Android Platform Notes#

Android-specific configuration concerns that don’t fit cleanly into the layer-by-layer pages but matter for a production HAAPI integration. Each note is short and stands alone.

HttpURLConnection includes a cookie manager that’s used to maintain potentially long-lived sessions between client and server. The framework does not install one automatically — you choose the policy.

// Accept all cookies (most permissive)
CookieHandler.setDefault(CookieManager(null, CookiePolicy.ACCEPT_ALL))

// Or accept only cookies from the original server (default policy)
CookieHandler.setDefault(CookieManager())

Set the policy in your Application.onCreate before any HAAPI requests fire. For the underlying HTTP-integration detail, see HTTP Integration (Android Only) .

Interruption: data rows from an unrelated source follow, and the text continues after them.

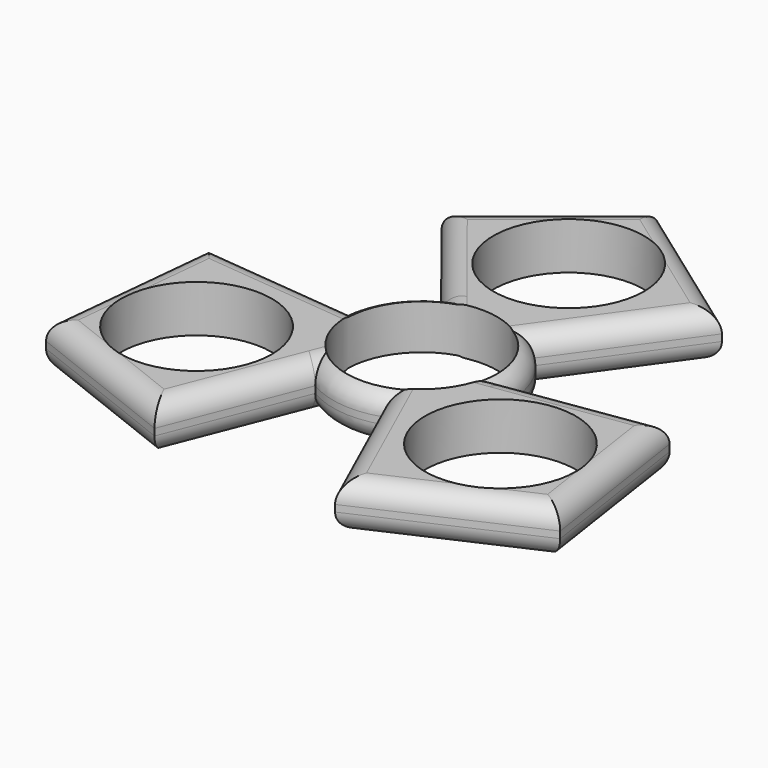
from build123d import *

# Parameters (mm, degrees)
F0_R          = 11.2
F1_DEPTH      = 7
F2_T1_DEPTH   = 41.9845753996
F2_T3_DEPTH   = 40.2947851744
F2_T5_DEPTH   = 41.9845753996
F2_T7_DEPTH   = 40.2947851744
F2_T9_DEPTH   = 41.9845753996
F2_T11_DEPTH  = 40.2947851744
F2_T16_DEPTH  = 37.6980641681
F2_S17_R      = 13.2
F2_T18_DEPTH  = 22
F2_T22_ANGLE  = 115.1707423731
F2_T28_DEPTH  = 36.5230414764
F2_S29_R      = 13.2
F2_T30_DEPTH  = 20
F2_T34_DEPTH  = 37.6980641681
F2_S35_R      = 13.2
F2_T36_DEPTH  = 22
F2_T40_ANGLE  = 115.1707423731
F2_T46_DEPTH  = 36.5230414764
F2_S47_R      = 13.2
F2_T48_DEPTH  = 21
F2_T52_DEPTH  = 36.5230414764
F2_S53_R      = 13.2
F2_T54_DEPTH  = 21
F2_T58_DEPTH  = 37.6980641681
F2_S59_R      = 13.2
F2_T60_DEPTH  = 21
F2_T64_ANGLE  = 115.1707423731
F2_T71_ANGLE  = 115.1707423731
F2_S73_R      = 11.2
F2_T74_DEPTH  = 14
F2_T77_DEPTH  = 30.1980641681
F2_S78_R      = 13.2
F2_T79_DEPTH  = 18
F2_S80_R      = 11.2
F2_T81_DEPTH  = 18
F2_T87_DEPTH  = 29.0230414764
F2_S88_R      = 13.2
F2_T89_DEPTH  = 17
F2_S90_R      = 11.2
F2_T91_DEPTH  = 17
F2_T94_ANGLE  = 115.1707423731
F2_S96_R      = 11.2
F2_T97_DEPTH  = 14
F2_T103_ANGLE = 115.1707423731
F2_S105_R     = 11.2
F2_T106_DEPTH = 15
F2_T109_DEPTH = 30.1980641681
F2_S110_R     = 13.2
F2_T111_DEPTH = 18
F2_S112_R     = 11.2
F2_T113_DEPTH = 18
F2_T119_DEPTH = 29.0230414764
F2_S120_R     = 13.2
F2_T121_DEPTH = 17
F2_S122_R     = 11.2
F2_T123_DEPTH = 17
F2_T126_ANGLE = 115.1707423731
F2_S128_R     = 11.2
F2_T129_DEPTH = 15
F2_T135_DEPTH = 29.0230414764
F2_S136_R     = 13.2
F2_T137_DEPTH = 18
F2_S138_R     = 11.2
F2_T139_DEPTH = 18
F2_T142_ANGLE = 115.1707423731
F2_S144_R     = 11.2
F2_T145_DEPTH = 14
F2_T151_DEPTH = 30.1980641681
F2_S152_R     = 13.2
F2_T153_DEPTH = 17
F2_S154_R     = 11.2
F2_T155_DEPTH = 17
F2_T158_ANGLE = 115.1707423731
F2_S160_R     = 11.2
F2_T161_DEPTH = 14
F3_T3_DEPTH   = 40.2947851744
F3_T6_DEPTH   = 41.9845753996
F3_T9_DEPTH   = 37.6980641681
F3_S10_R      = 13.2
F3_T11_DEPTH  = 22
F3_T14_DEPTH  = 36.5230414764
F3_S15_R      = 13.2
F3_T16_DEPTH  = 20
F3_T19_ANGLE  = 115.1707423731
F3_T24_DEPTH  = 40.2947851744
F3_T27_DEPTH  = 41.9845753996
F3_T30_DEPTH  = 37.6980641681
F3_S31_R      = 13.2
F3_T32_DEPTH  = 22
F3_T35_ANGLE  = 115.1707423731
F3_T40_DEPTH  = 36.5230414764
F3_S41_R      = 13.2
F3_T42_DEPTH  = 21
F3_T45_DEPTH  = 40.2947851744
F3_T48_DEPTH  = 41.9845753996
F3_T51_DEPTH  = 37.6980641681
F3_S52_R      = 13.2
F3_T53_DEPTH  = 21
F3_T56_ANGLE  = 115.1707423731
F3_T61_DEPTH  = 36.5230414764
F3_S62_R      = 13.2
F3_T63_DEPTH  = 21
F3_T67_DEPTH  = 30.1980641681
F3_S68_R      = 13.2
F3_T69_DEPTH  = 18
F3_S70_R      = 11.2
F3_T71_DEPTH  = 18
F3_T74_ANGLE  = 115.1707423731
F3_S76_R      = 11.2
F3_T77_DEPTH  = 14
F3_T82_ANGLE  = 115.1707423731
F3_S84_R      = 11.2
F3_T85_DEPTH  = 14
F3_T88_DEPTH  = 29.0230414764
F3_S89_R      = 13.2
F3_T90_DEPTH  = 17
F3_S91_R      = 11.2
F3_T92_DEPTH  = 17
F3_T97_DEPTH  = 30.1980641681
F3_S98_R      = 13.2
F3_T99_DEPTH  = 18
F3_S100_R     = 11.2
F3_T101_DEPTH = 18
F3_T104_ANGLE = 115.1707423731
F3_S106_R     = 11.2
F3_T107_DEPTH = 15
F3_T112_ANGLE = 115.1707423731
F3_S114_R     = 11.2
F3_T115_DEPTH = 15
F3_T118_DEPTH = 29.0230414764
F3_S119_R     = 13.2
F3_T120_DEPTH = 17
F3_S121_R     = 11.2
F3_T122_DEPTH = 17
F3_T127_DEPTH = 30.1980641681
F3_S128_R     = 13.2
F3_T129_DEPTH = 17
F3_S130_R     = 11.2
F3_T131_DEPTH = 17
F3_T134_ANGLE = 115.1707423731
F3_S136_R     = 11.2
F3_T137_DEPTH = 14
F3_T142_ANGLE = 115.1707423731
F3_S144_R     = 11.2
F3_T145_DEPTH = 14
F3_T148_DEPTH = 29.0230414764
F3_S149_R     = 13.2
F3_T150_DEPTH = 18
F3_S151_R     = 11.2
F3_T152_DEPTH = 18


# Not quite as in the source:
# - a fillet or chamfer that OpenCascade refuses, or shapes differently, is made with other operations: its cross-section is extruded or revolved along the edge and cut away or added


with BuildPart() as f1:
    # F0 (on Top) → F1 (new body)
    with BuildSketch(Plane.XY):
        with BuildLine():
            Line((34.4835003985, 2.9441961325), (13.1977618631, -0.2430674894))
            ThreePointArc((13.1977618631, -0.2430674894), (12.0614419071, 5.3629860267), (8.6602055702, 9.9619696588))
            Line((8.6602055702, 9.9619696588), (21.9099196474, 28.3914892903))
            Line((21.9099196474, 28.3914892903), (0, 44.1434012548))
            Line((0, 44.1434012548), (-19.7914988438, 28.3914892903))
            Line((-19.7914988438, 28.3914892903), (-6.3883783109, 11.5511307912))
            ThreePointArc((-6.3883783109, 11.5511307912), (-10.6752030928, 7.7640220844), (-12.9574215813, 2.5189731964))
            Line((-12.9574215813, 2.5189731964), (-35.5427108004, 4.7788023644))
            Line((-35.5427108004, 4.7788023644), (-38.2293068961, -22.0717006274))
            Line((-38.2293068961, -22.0717006274), (-14.6920015548, -31.3356854228))
            Line((-14.6920015548, -31.3356854228), (-6.8093835522, -11.3080633019))
            ThreePointArc((-6.8093835522, -11.3080633019), (-1.3862388143, -13.1270081111), (4.2972160111, -12.4809428552))
            Line((4.2972160111, -12.4809428552), (13.6327911529, -33.1702916547))
            Line((13.6327911529, -33.1702916547), (38.2293068961, -22.0717006274))
            Line((38.2293068961, -22.0717006274), (34.4835003985, 2.9441961325))
        make_face()
        with Locations((-23.2943706214, -12.7743324265)):
            Circle(F0_R, mode=Mode.SUBTRACT)
        Circle(F0_R, mode=Mode.SUBTRACT)
        with Locations((22.7100817084, -13.7863505101)):
            Circle(F0_R, mode=Mode.SUBTRACT)
        with Locations((0.584288913, 26.5606829366)):
            Circle(F0_R, mode=Mode.SUBTRACT)
    extrude(amount=F1_DEPTH)

    # F2: fillet of radius 3 on 15 edges, made by hand

    # F2_s2 → F2_t1 (cut)
    with BuildSketch(Plane(origin=(7.0772234014, -5.0880971618, 0), x_dir=(0, 0, 1), z_dir=(-0.8119423531, 0.5837376253, 0))):
        with BuildLine():
            ThreePointArc((4, 35.8418970888), (6.1213203436, 34.9632174324), (7, 32.8418970888))
            Line((7, 32.8418970888), (7, 35.8418970888))
            Line((7, 35.8418970888), (4, 35.8418970888))
        make_face()
    extrude(amount=F2_T1_DEPTH, mode=Mode.SUBTRACT)

    # F2_s4 → F2_t3 (cut)
    with BuildSketch(Plane(origin=(5.1814707168, -34.6037993688, 0), x_dir=(0, 0, 1), z_dir=(-0.1480861162, 0.9889744699, 0))):
        with BuildLine():
            ThreePointArc((4, 34.5392960988), (6.1213203436, 33.6606164423), (7, 31.5392960988))
            Line((7, 31.5392960988), (7, 34.5392960988))
            Line((7, 34.5392960988), (4, 34.5392960988))
        make_face()
    extrude(amount=F2_T3_DEPTH, mode=Mode.SUBTRACT)

    # F2_s6 → F2_t5 (cut)
    with BuildSketch(Plane(origin=(-7.9450330997, -3.585006673, 0), x_dir=(0, 0, 1), z_dir=(0.9115027892, 0.4112938915, 0))):
        with BuildLine():
            ThreePointArc((4, 35.8418970888), (6.1213203436, 34.9632174324), (7, 32.8418970888))
            Line((7, 32.8418970888), (7, 35.8418970888))
            Line((7, 35.8418970888), (4, 35.8418970888))
        make_face()
    extrude(amount=F2_T5_DEPTH, mode=Mode.SUBTRACT)

    # F2_s8 → F2_t7 (cut)
    with BuildSketch(Plane(origin=(-32.5585046793, 12.8146144147, 0), x_dir=(0, 0, 1), z_dir=(0.9305200728, -0.3662408964, 0))):
        with BuildLine():
            ThreePointArc((4, 34.5392960988), (6.1213203436, 33.6606164423), (7, 31.5392960988))
            Line((7, 31.5392960988), (7, 34.5392960988))
            Line((7, 34.5392960988), (4, 34.5392960988))
        make_face()
    extrude(amount=F2_T7_DEPTH, mode=Mode.SUBTRACT)

    # F2_s10 → F2_t9 (cut)
    with BuildSketch(Plane(origin=(0.8678096983, 8.6731038348, 0), x_dir=(0, 0, 1), z_dir=(-0.0995604361, -0.9950315169, 0))):
        with BuildLine():
            ThreePointArc((4, 35.8418970888), (6.1213203436, 34.9632174324), (7, 32.8418970888))
            Line((7, 32.8418970888), (7, 35.8418970888))
            Line((7, 35.8418970888), (4, 35.8418970888))
        make_face()
    extrude(amount=F2_T9_DEPTH, mode=Mode.SUBTRACT)

    # F2_s12 → F2_t11 (cut)
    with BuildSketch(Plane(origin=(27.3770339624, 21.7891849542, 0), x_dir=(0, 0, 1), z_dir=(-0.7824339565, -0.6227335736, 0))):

android:allowBackup for Risk Assessment#

android:allowBackup defaults to true on modern Android. Risk-assessment integrations rely on persisted device context surviving backup-and-restore for continuity:

<application
    android:name=".ClientApplication"
    android:allowBackup="true"
    ...>

If your app’s security posture requires allowBackup="false", expect that fresh installs after factory reset or device migration lose risk-assessment context history. Some integrations cope by re-establishing context from scratch; others (typically those relying on long-running device fingerprints) don’t. Test the end-to-end backup-and-restore path before disabling allowBackup. See How to Integrate Risk Assessment .

Manifest Registration#

HaapiFlowActivity must be declared in your manifest alongside your own activities:

<application android:name=".ClientApplication" ...>
    <activity android:name=".MainActivity" ... />
    <activity android:name="se.curity.identityserver.haapi.android.ui.widget.HaapiFlowActivity" />
</application>

Omitting the registration causes ActivityNotFoundException at the startActivity(HaapiFlowActivity.newIntent(...)) call. For modal-presentation styling, add an explicit android:theme entry — see Presentation Options .

Attestation requires pairing your app’s package name and signing-certificate SHA-256 with the OAuth client on the Curity Identity Server, plus an assetlinks.json published at https://<your-domain>/.well-known/:

<application ...>
    <meta-data
        android:name="asset_statements"
        android:resource="@string/asset_statements" />
</application>
<string name="asset_statements" translatable="false">
    [{\"include\": \"https://idsvr.example.com/.well-known/assetlinks.json\"}]
</string>

Get your app’s signing certificate SHA-256 with ./gradlew signingReport. See Quickstart — Android Step 5 for the full pairing procedure.